Cobalt and abortion-rights advocates also aim to repeal Colorado’s constitutional amendment approved in 1984 by a less than 1% margin that prohibited the use of public funds to support abortion in the state.

The amendment affects state employees, whose insurance cannot cover abortion, as well as Medicaid patients, placing more pressure on external abortion funding like Cobalt’s, which is increasingly under pressure as more women seek assistance.

Abortion-rights advocates aim to pass a constitutional amendment in Colorado to protect abortion in response to the U.S. Supreme Court’s ruling striking down Roe v. Wade on June 24. (Jerry McBride/Durango Herald file)

Coleman-Minahan said abortion advocates should also look to reverse Colorado’s parental notification law, which requires those younger than 18 to tell their parent before they get an abortion.

The law poses a significant barrier to anyone younger than 18 trying to come to Colorado from another state, and traumatizes young people, Coleman-Minahan said.
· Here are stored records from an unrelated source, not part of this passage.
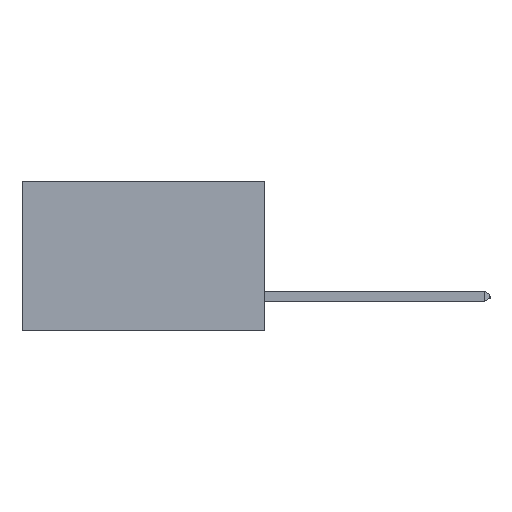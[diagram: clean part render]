
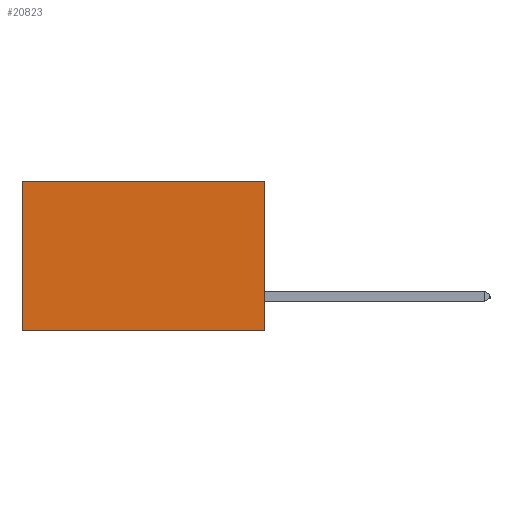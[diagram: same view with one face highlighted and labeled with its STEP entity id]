
A CAD part, left-side view. The second image highlights one B-rep face of the part: STEP entity #20823.
In plain terms, the highlighted planar face has unit normal (-1, 0, 0).
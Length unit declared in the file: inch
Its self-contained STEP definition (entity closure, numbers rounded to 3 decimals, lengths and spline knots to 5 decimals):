
#220 = CARTESIAN_POINT ( 'NONE',  ( 0.298, 0.6, -0.37 ) ) ;
#428 = VECTOR ( 'NONE', #22684, 39.37008 ) ;
#473 = VECTOR ( 'NONE', #13412, 39.37008 ) ;
#579 = DIRECTION ( 'NONE',  ( 1., 0., 0. ) ) ;
#990 = ORIENTED_EDGE ( 'NONE', *, *, #10090, .F. ) ;
#1140 = LINE ( 'NONE', #25680, #473 ) ;
#2570 = CARTESIAN_POINT ( 'NONE',  ( 0.298, 0., 0. ) ) ;
#3438 = VERTEX_POINT ( 'NONE', #20180 ) ;
#4379 = LINE ( 'NONE', #5288, #19558 ) ;
#5288 = CARTESIAN_POINT ( 'NONE',  ( 0.298, 0., 0. ) ) ;
#7230 = CARTESIAN_POINT ( 'NONE',  ( 0.298, 0., 0. ) ) ;
#9271 = DIRECTION ( 'NONE',  ( 0., 1., 0. ) ) ;
#9732 = LINE ( 'NONE', #7230, #25484 ) ;
#9777 = CARTESIAN_POINT ( 'NONE',  ( 0.298, 0.6, 0. ) ) ;
#9829 = VERTEX_POINT ( 'NONE', #9777 ) ;
#10090 = EDGE_CURVE ( 'NONE', #20528, #3438, #4379, .T. ) ;
#11995 = CARTESIAN_POINT ( 'NONE',  ( 0.298, 0., 0. ) ) ;
#13267 = FACE_OUTER_BOUND ( 'NONE', #25768, .T. ) ;
#13412 = DIRECTION ( 'NONE',  ( 0., 1., 0. ) ) ;
#13709 = ORIENTED_EDGE ( 'NONE', *, *, #17903, .F. ) ;
#14014 = VERTEX_POINT ( 'NONE', #220 ) ;
#15070 = DIRECTION ( 'NONE',  ( 0., 0., -1. ) ) ;
#17903 = EDGE_CURVE ( 'NONE', #3438, #14014, #1140, .T. ) ;
#18787 = EDGE_CURVE ( 'NONE', #9829, #14014, #21147, .T. ) ;
#19558 = VECTOR ( 'NONE', #21812, 39.37008 ) ;
#20180 = CARTESIAN_POINT ( 'NONE',  ( 0.298, 0., -0.37 ) ) ;
#20296 = EDGE_CURVE ( 'NONE', #20528, #9829, #9732, .T. ) ;
#20528 = VERTEX_POINT ( 'NONE', #11995 ) ;
#20579 = CARTESIAN_POINT ( 'NONE',  ( 0.298, 0.6, 0. ) ) ;
#20823 = ADVANCED_FACE ( 'NONE', ( #13267 ), #23267, .F. ) ;
#20915 = ORIENTED_EDGE ( 'NONE', *, *, #20296, .T. ) ;
#21147 = LINE ( 'NONE', #20579, #428 ) ;
#21742 = ORIENTED_EDGE ( 'NONE', *, *, #18787, .T. ) ;
#21812 = DIRECTION ( 'NONE',  ( 0., 0., -1. ) ) ;
#22684 = DIRECTION ( 'NONE',  ( 0., 0., -1. ) ) ;
#23267 = PLANE ( 'NONE',  #25990 ) ;
#25484 = VECTOR ( 'NONE', #9271, 39.37008 ) ;
#25680 = CARTESIAN_POINT ( 'NONE',  ( 0.298, 0., -0.37 ) ) ;
#25768 = EDGE_LOOP ( 'NONE', ( #21742, #13709, #990, #20915 ) ) ;
#25990 = AXIS2_PLACEMENT_3D ( 'NONE', #2570, #579, #15070 ) ;

But both Coleman-Minahan and Chapin acknowledged that, even with state efforts, federal protections are the only way to fully guarantee abortion rights and ensure unimpeded access in Colorado.

“Providers are doing their absolute best, but there’s no way in a larger sense that abortion remains accessible when half the country shuts it down,” Chapin said.

Though the Supreme Court’s ruling has grim implications for abortion providers and advocates in Colorado, Tocce maintains hope.

“I am confident that we live in a state that has been proactive in protecting abortion access, and that as more and more things like this come down, we will figure out a way to keep both patients and providers safe and protected here in Colorado,” she said.